The Soldier had become aware of a wetness between her legs during the transport to the party. She knew that sometimes, coming out of cryostasis, her body was incontinent because she was too cold and disoriented to control it. But that should not be the case now. The Soldier had shifted in her seat, tugging on her skirt so that the back of it was bunched up behind her rather than spread out below her legs. She could not risk soiling it and drawing unwanted attention to herself once they arrived. Her handler looked at her but said nothing.

When they reached the destination, the Soldier slipped into the bathroom.

Beneath her hose, the underwear was dotted with blood. More came away on the toilet paper she used to wipe between her legs.

She was injured. She was _bad_. She was HYDRA’s property, theirs to use as they pleased, and somehow, she had damaged herself. She had jeopardized the whole mission. She was so bad. So stupid.

The Soldier couldn’t tell her handler. If she had to be rushed back to the base for treatment, the mission would fail. This was her first time serving the will of HYDRA. She couldn’t ruin the mission.

Frantic, the Soldier tried to staunch the flow of blood. She took the toilet tissue, first trying to stick it inside herself. It hardly seemed secure, so she wrapped it around the underwear again and again, until she was satisfied no blood would seep through. She willed her expression back to a pleasant nothingness and returned to the party.

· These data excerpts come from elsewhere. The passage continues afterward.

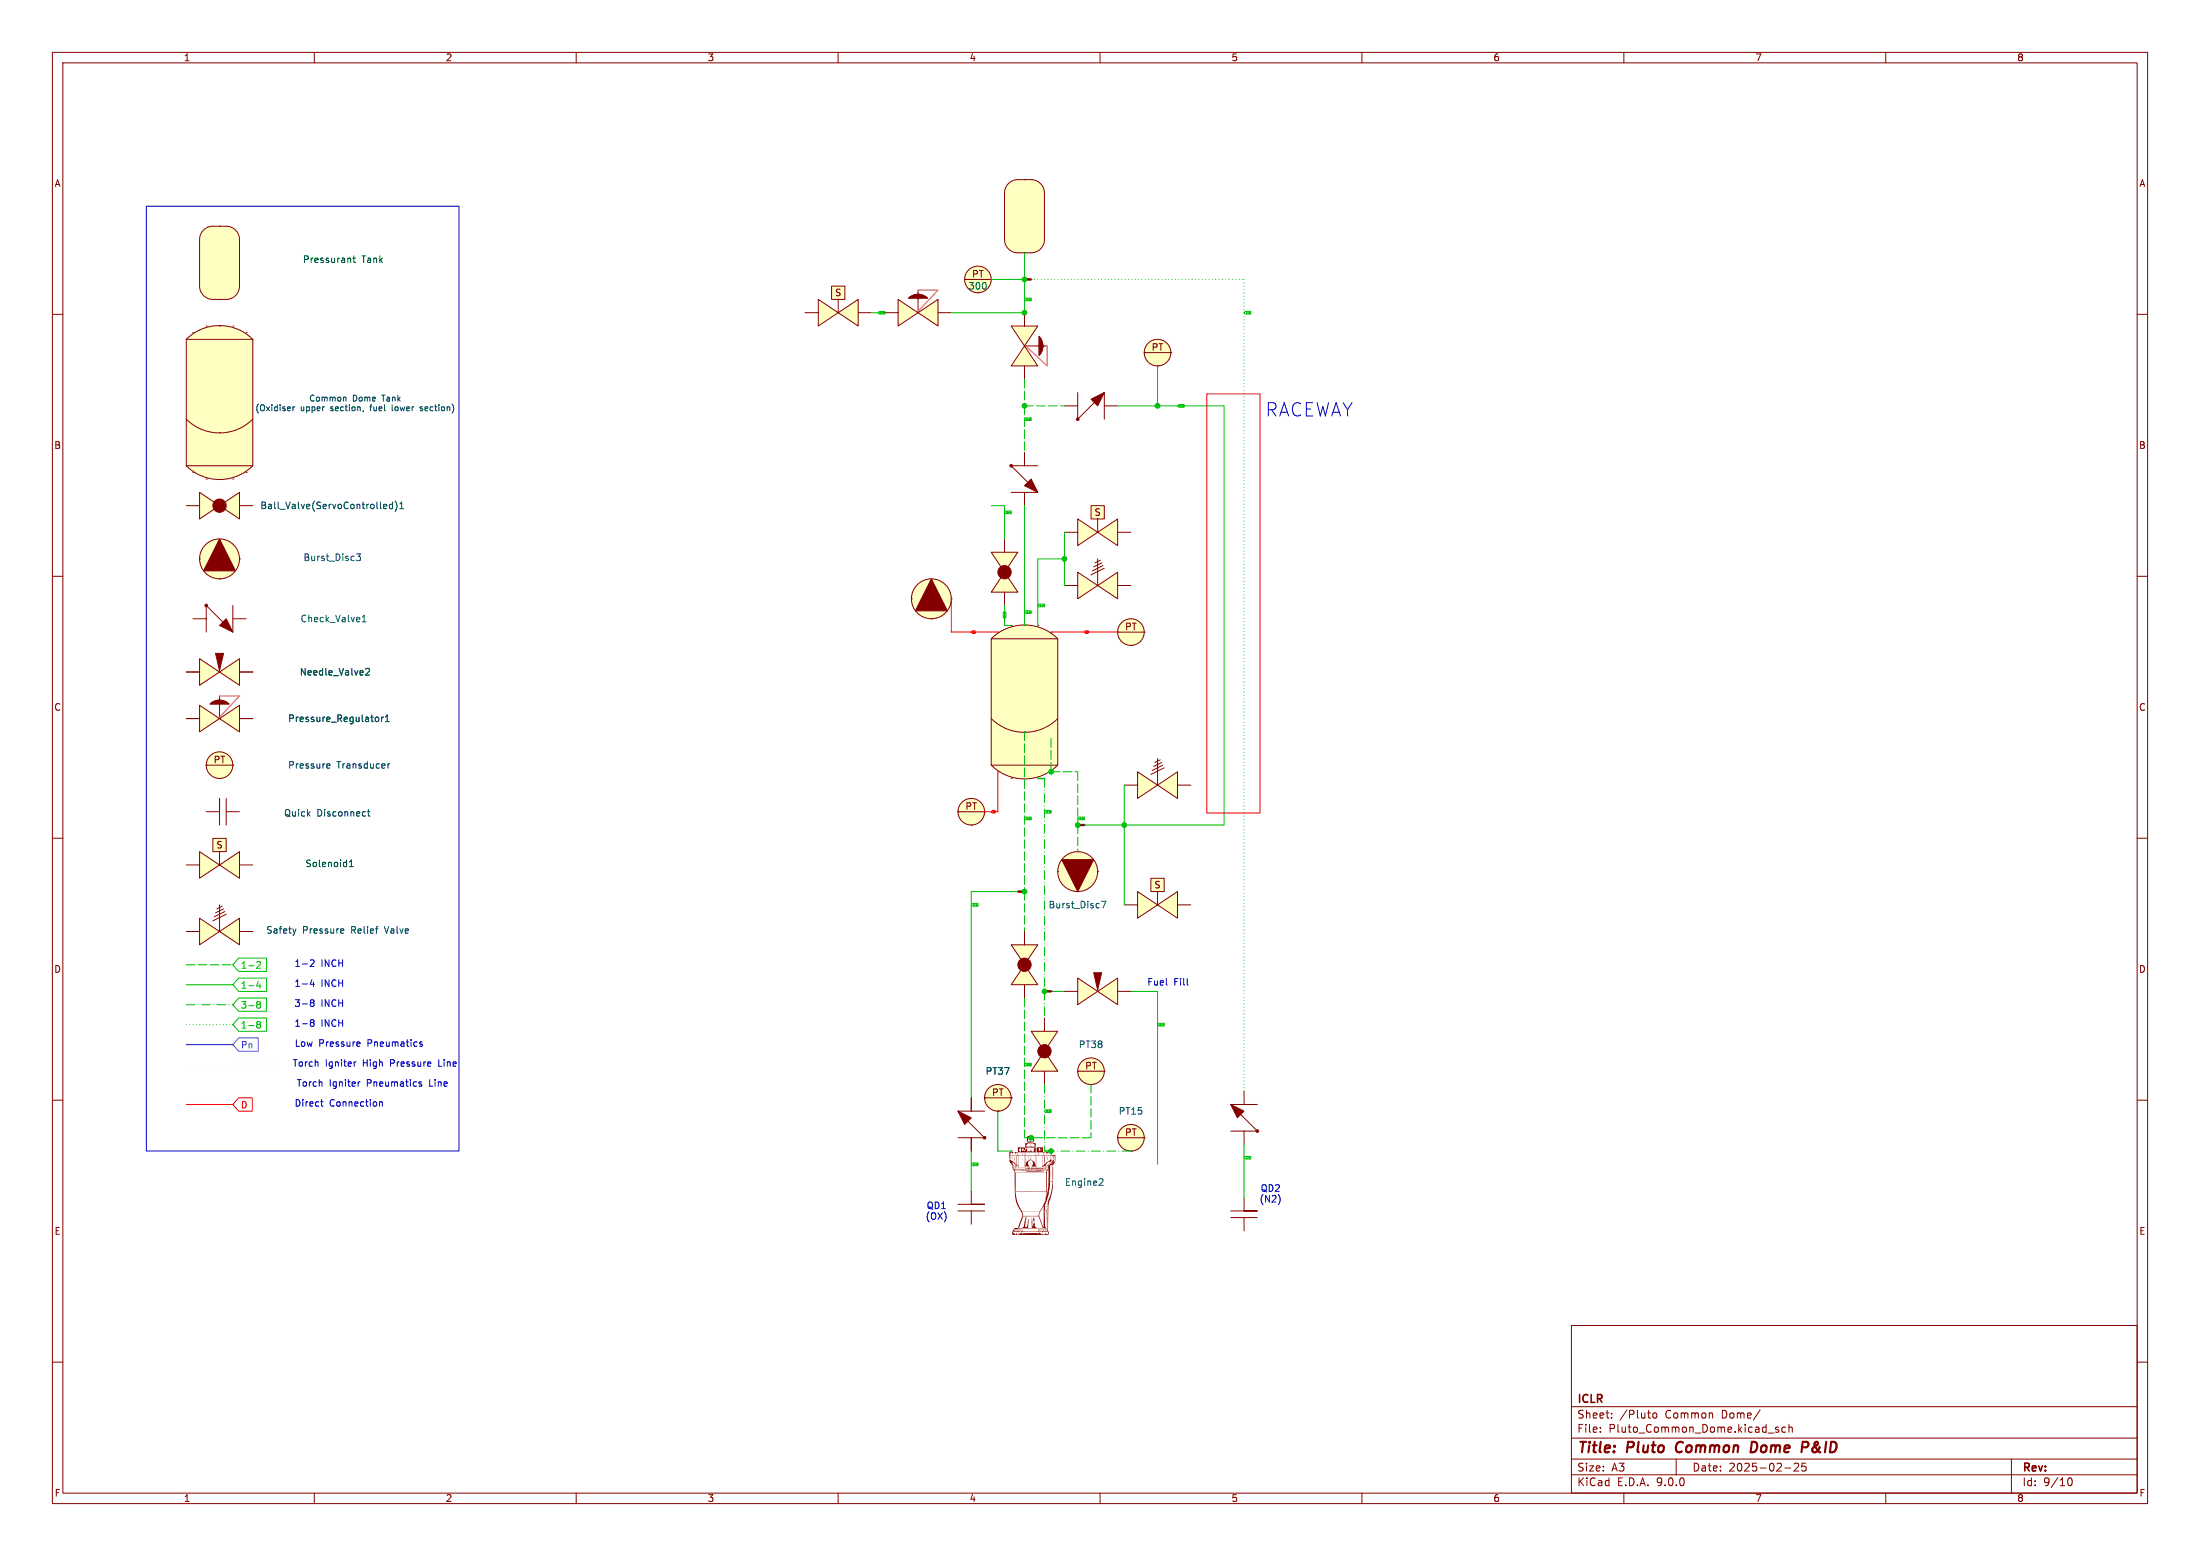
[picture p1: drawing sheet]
<svg xmlns="http://www.w3.org/2000/svg" width="420mm" height="297mm" viewBox="0 0 420 297" stroke-linecap="round" stroke-linejoin="round" font-family="sans-serif">
<g fill="none" stroke="#840000" stroke-width=".19">
<path d="M10 10h400v277h-400zM12 12h396v273h-396zM60 10v2M110 10v2M160 10v2M210 10v2M260 10v2M310 10v2M360 10v2M10 60h2M408 60h2M10 110h2"/>
<path d="M408 110h2M10 160h2M408 160h2M10 210h2M408 210h2M300 253h108v32h-108zM10 260h2M300 278.5h108M300 274.5h108M300 268.5h108M305.5 273.2v.2M305.5 272.5v.1"/>
<path d="M307.7 270.5v.2M307.7 269.8v.1M315.7 269.8l.3-.1 .3 .3v.4l-.3 .3-.3-.1-.2-.2zM320 278.5v3M336 269.1l-1.3 1.9M339.5 272.5l-.3-.1-.3 .2 .1 .2 .5 .2v.3h-.6M340.9 272.5l-.5-.1-.2 .3 .1 .6h.6M341.5 272.5l.2-.1 .4 .1 .1 .9M341.5 271.9v1.5M342.5 279.4l.6-.1 .2 .1 .1 .3-1 1.1h1M344.7 279.3h-.7l-.1 .7 .3-.1h.5l.1 .2-.1 .5-.2 .2-.6-.2M384 278.5v6.5"/>
<path d="M408 260h2M60 285v2M110 285v2M160 285v2M210 285v2M260 285v2M300 281.5h108M310 285v2M340.7 280.2h1.2M360 285v2M394.7 282.7l.2-.5 .2-.1a.8 .8 0 0 1 .5 .7 .8 .8 0 0 1-.5 .8l-.2-.2-.2-.4"/>
</g>
<path d="M320.2 275.5a1.27 1.27 0 0 0 0 1.6M335.2 275.3l-.8-.1-.2 2h.5l.5-.3M344.2 275.2l.9 .1a.58 .58 0 0 1-.3 1h-.8" fill="none" stroke="#840000" stroke-width=".4"/>
<path d="M38.6 44.2a2.97 2.97 0 0 1 2.5-1h2.6a2.78 2.78 0 0 1 2 2.5v8.9a2.56 2.56 0 0 1-2.8 2.6h-.7a3.2 3.2 0 0 1-3.8-1.6l-.3-1v-9.1z" fill="#ffffc2"/>
<path d="M38.8 43.9a2.54 2.54 0 0 1 1.8-.7h2.6a2.54 2.54 0 0 1 2.5 2.5v8.9a2.54 2.54 0 0 1-2.5 2.6h-2.6a2.54 2.54 0 0 1-2.5-2.6v-8.9a2.54 2.54 0 0 1 .7-1.8zM41.9 43.2h.1M41.9 57.2h.1" fill="none" stroke="#840000" stroke-width=".19"/>
<g fill="#ffffc2">
<path d="M171.4 57.2l3.9 2.5-3.9 2.5z"/>
<path d="M175.3 59.7l3.8-2.5v5z"/>
</g>
<path d="M168.9 59.7h2.5M171.4 57.2l3.9 2.5-3.9 2.5zM173.5 56.9a2.51 2.51 0 0 1 3.5 0zM175.3 59.7l3.8-2.5v5zM175.3 55.4v.7M175.3 56.9v2.8M179.1 59.7h2.5" fill="none" stroke="#840000" stroke-width=".19"/>
<path d="M173.7 56.6a2.49 2.49 0 0 1 3.3 .3h-3.5z" fill="#840000" stroke="#840000" stroke-width=".19"/>
<path d="M175.3 55.4h3.8l-3.8 4" fill="none" stroke="#e06c75" stroke-width=".25"/>
<g fill="#ffffc2">
<path d="M156.2 57.2l3.8 2.5-3.8 2.5z"/>
<path d="M158.7 54.6h2.6v2.6h-2.6z"/>
<path d="M160 59.7l3.8-2.5v5z"/>
</g>
<g fill="none" stroke="#840000" stroke-width=".19">
<path d="M153.7 59.7h2.5M156.2 57.2l3.8 2.5-3.8 2.5zM158.7 54.6h2.6v2.6h-2.6zM160 59.7l3.8-2.5v5zM160 57.2v2.5M163.8 59.7h2.6M184.1 53.3h.1M184.1 53.3h5.1M189.2 53.3h.1M182.9 231.1h5.1M185.4 227.3v2.6h2.6h-5.1M185.4 231.1v2.6"/>
<circle cx="186.7" cy="53.3" r="2.54"/>
</g>
<circle cx="186.7" cy="53.3" r="2.54" fill="#ffffc2" stroke="#ffffc2" stroke-width=".19"/>
<path d="M192.3 35.3a2.97 2.97 0 0 1 2.5-1h2.6a2.78 2.78 0 0 1 2 2.5v8.9a2.56 2.56 0 0 1-2.8 2.6h-.8a3.2 3.2 0 0 1-3.8-1.6l-.2-1v-9.1z" fill="#ffffc2"/>
<g fill="none" stroke="#840000" stroke-width=".19">
<path d="M192.5 35a2.55 2.55 0 0 1 1.8-.7h2.5a2.54 2.54 0 0 1 2.6 2.5v8.9a2.54 2.54 0 0 1-2.6 2.6h-2.5a2.54 2.54 0 0 1-2.5-2.6v-8.9a2.54 2.54 0 0 1 .7-1.8zM195.6 34.3h.1M195.6 48.3h.1M195.6 86.4v2.5M195.6 94v2.5M198.1 88.9h-5.1l5.1 5.1h-5.1M182.9 154.9h.1M182.9 154.9h5.1M185.4 157.5h.1M188 154.9h.1"/>
<circle cx="185.4" cy="154.9" r="2.54"/>
</g>
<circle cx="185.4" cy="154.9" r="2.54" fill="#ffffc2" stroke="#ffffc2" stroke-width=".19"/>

The mission went well. The Soldier danced with the target and the dancing felt nice. The target gave her a bubbly drink that made her think of raisins, even though she wasn’t sure what the word “raisin” meant. She shot the man just as he was trying to slide the dress off her shoulder, right as his eyes were widening at the scar tissue. The blood had not been a problem.

Until she was back with the Secretary.

“You’ve performed flawlessly,” the Secretary had said.

Flawlessly. There was a tingle through the Soldier’s lips as though her mouth wanted to pull up at the corners. The Secretary’s mouth was like that. He was smiling. The Soldier liked his smile very much. He beckoned her to his desk and the Soldier walked forward. She was designed to feel content when she had been good. She was being good now.

The Soldier had stopped a foot away from the desk. Handlers did not like it when their weapons stood too close. But the Secretary had put his hand on her hip, and then further behind her, pulling her closer. “I don’t bite,” he’d said, still smiling. His fingers were pressing in.

Then the smile faded and he drew back.

There was a tint of red on his fingertips.

The Soldier’s stomach plummeted as she realized her bandaging had been insufficient. The Secretary frowned, ordered her to turn, and the revolted noise he made when she obeyed confirmed that blood had leaked through her skirt.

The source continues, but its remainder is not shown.